A few of the survey comments lamented decreases in federal funding, many specifically noting the Department of Housing and Urban Development. Final budget appropriations from 2012-17 show relatively stable funding of HUD (Chart 5), but the Trump administration’s budget for fiscal year 2018 calls for a $6 billion decrease in HUD funding, mostly in housing programs and planning and community development. Final fiscal year 2018 appropriations likely will not be known for some time. In Congress, a 2018 budget resolution was approved by the full committee on July 19, 2017, and passed by House of Representatives on Sept. 14, 2017, but, as of writing, the budget bill had not been introduced in the Senate._
Following the election of President Trump and subsequent market reaction, Low Income Housing Tax Credit pricing experienced high volatility earlier this year, but the market has since stabilized._
I-D. Access to Credit
Indicators of access to credit (perception relative to the previous quarter and year and expectations for the following quarter) declined moderately, remaining relatively stable in the July Survey and continued to indicate an overall assessment of reduced access to credit (Chart 6). The LMI Credit Access Index fell from 79.5 in the January 2017 survey to 75 in the July survey (quarter-over-quarter). The index reflecting expectations for the upcoming quarter declined over 10 points, from 88.5 to 78.1.
The indexes increased significantly and consistently from the start of the survey in the first quarter of 2009 through 2013, but since then have fluctuated around 80. Comments over the history of the survey have been consistent with this pattern: following the recession, there were improvements in credit standing and willingness to lend by banks. Since then, not much has changed, including the proliferation of payday and other alternative financial institutions. Indeed, credit scores now are starting to decline for some LMI constituents.
Despite the generally negative tenor of the comments, some survey contacts reported they had seen a significant increase in “affordable” alternative loan products (usually small-dollar loan programs offered by financial institutions or nonprofit loan funds). What is missing, respondents said, is scale, as most of these programs are limited in available funds and often are pilot projects.
II. In This Issue
This issue’s special topics center on wages—particularly, minimum wages—and the disposition of income tax refunds by LMI filers.

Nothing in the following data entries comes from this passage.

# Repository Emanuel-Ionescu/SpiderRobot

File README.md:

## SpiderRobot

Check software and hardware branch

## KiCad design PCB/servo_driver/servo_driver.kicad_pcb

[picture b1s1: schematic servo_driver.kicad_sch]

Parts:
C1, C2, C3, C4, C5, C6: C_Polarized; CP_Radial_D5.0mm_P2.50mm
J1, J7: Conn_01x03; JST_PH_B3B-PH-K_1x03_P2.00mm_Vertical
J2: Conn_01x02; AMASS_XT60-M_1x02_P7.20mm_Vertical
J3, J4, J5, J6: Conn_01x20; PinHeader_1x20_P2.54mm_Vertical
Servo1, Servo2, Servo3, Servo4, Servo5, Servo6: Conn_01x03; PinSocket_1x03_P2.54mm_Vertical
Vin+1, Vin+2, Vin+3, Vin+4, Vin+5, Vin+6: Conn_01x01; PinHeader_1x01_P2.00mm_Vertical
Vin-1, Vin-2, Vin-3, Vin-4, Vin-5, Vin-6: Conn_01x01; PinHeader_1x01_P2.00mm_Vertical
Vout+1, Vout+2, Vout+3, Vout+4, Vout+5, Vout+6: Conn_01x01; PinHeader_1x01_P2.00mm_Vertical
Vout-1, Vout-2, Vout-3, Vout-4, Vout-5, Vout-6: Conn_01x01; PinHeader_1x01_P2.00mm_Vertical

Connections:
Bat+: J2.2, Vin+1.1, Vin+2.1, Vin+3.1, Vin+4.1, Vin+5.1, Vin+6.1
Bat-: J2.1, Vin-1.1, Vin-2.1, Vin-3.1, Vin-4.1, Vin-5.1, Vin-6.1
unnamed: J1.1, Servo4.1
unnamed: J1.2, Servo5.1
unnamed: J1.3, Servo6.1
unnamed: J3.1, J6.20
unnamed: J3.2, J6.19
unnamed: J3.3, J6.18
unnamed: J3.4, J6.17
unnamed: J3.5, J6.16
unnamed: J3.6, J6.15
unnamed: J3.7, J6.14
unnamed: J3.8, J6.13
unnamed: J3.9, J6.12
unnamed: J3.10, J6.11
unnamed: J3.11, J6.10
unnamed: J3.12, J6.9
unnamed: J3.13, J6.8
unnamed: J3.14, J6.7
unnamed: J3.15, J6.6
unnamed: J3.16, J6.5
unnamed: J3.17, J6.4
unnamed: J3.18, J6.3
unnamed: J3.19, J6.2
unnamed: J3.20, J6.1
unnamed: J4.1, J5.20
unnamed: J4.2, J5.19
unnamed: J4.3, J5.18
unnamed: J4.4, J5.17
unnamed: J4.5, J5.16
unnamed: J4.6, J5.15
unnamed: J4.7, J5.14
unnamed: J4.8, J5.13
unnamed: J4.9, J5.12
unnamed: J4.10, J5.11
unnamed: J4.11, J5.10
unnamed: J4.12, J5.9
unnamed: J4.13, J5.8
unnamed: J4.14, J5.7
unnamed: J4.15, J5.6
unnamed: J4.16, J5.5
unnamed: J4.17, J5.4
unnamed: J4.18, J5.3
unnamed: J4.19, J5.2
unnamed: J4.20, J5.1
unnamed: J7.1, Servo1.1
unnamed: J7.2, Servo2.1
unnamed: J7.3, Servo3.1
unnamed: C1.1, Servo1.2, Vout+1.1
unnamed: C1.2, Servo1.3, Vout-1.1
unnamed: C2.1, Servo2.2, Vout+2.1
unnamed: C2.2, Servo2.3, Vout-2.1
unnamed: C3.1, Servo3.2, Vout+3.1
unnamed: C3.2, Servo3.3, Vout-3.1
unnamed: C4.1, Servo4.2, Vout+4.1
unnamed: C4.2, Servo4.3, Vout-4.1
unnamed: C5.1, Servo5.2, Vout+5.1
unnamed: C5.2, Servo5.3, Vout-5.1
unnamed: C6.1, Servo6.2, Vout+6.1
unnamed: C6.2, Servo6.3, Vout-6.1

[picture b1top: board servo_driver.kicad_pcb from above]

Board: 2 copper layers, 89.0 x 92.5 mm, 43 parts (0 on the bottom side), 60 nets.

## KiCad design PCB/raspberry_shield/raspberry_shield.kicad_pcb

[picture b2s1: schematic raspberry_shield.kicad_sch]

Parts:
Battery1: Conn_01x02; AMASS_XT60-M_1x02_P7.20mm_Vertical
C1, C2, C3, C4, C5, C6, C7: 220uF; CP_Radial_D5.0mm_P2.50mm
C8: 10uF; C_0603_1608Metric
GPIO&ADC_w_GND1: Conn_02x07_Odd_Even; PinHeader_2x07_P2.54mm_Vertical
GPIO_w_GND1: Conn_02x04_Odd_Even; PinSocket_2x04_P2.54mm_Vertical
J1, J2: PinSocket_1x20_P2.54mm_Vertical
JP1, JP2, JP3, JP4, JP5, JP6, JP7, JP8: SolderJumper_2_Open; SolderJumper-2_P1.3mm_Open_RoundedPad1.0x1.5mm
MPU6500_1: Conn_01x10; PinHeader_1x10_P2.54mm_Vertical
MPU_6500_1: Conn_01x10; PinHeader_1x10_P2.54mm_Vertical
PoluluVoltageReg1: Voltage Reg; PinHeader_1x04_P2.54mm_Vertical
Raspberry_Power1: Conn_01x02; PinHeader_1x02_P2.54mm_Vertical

II-A. Wages and Minimum Wages
Throughout respondents’ comments in the LMI Survey were concerns about wage growth that was insufficient to pay for basic needs, especially housing and transportation. Chart 7 shows an index representing usual weekly earnings relative to 2001 for several income classes, adjusted for inflation. Earnings for the top 10 percent of wage earners has increased 15.8 percent in inflation-adjusted terms since 2001, compared to only 1.9 percent for the bottom 10 percent and 4.5 percent for the bottom quartile. From the trough of earnings during the recession (2008), earnings increased 10.6 percent for the top 10 percent of wage earners, but 4.3 percent for the bottom 10 percent and 3.3 percent for the bottom quartile. Over time, these marginal differences in earnings can lead to large income disparities between worker quantiles.
With relatively slow earnings growth in the last several years, communities and public officials have looked toward the minimum wage as a tool for inducing wage growth. According to the Bureau of Labor Statistics (BLS), about 2.2 million workers in 2016 were paid at or below the federal minimum wage._
States and municipalities increasingly have been legislating higher minimum wages, partially as a response to a federal minimum wage that has been $7.25 an hour since July 2009. States and cities have cited increased costs of living, increasing income inequality, equity and regional differences in cost of living as reasons for increasing the minimum wage. Minimum wage increases became more frequent in recent years, especially on the West Coast and in the Northeast. Map 1 shows minimum wages across the country and municipalities that have raised their minimum wage above the state’s minimum wage.
In some cases, states or cities adopted substantially higher minimum wages. In California, the state minimum wage is $10.50 and is progressing to $15 by 2022. In Oregon, the minimum wage is $10.25 (nonrural) at the state level and $11.25 in Portland. In Washington, the minimum wage is $11, but is $15 in Seattle for businesses with more than 500 employees and a declining scale for businesses with fewer employees. Many Northeast states have minimum wages of more than $10/hour.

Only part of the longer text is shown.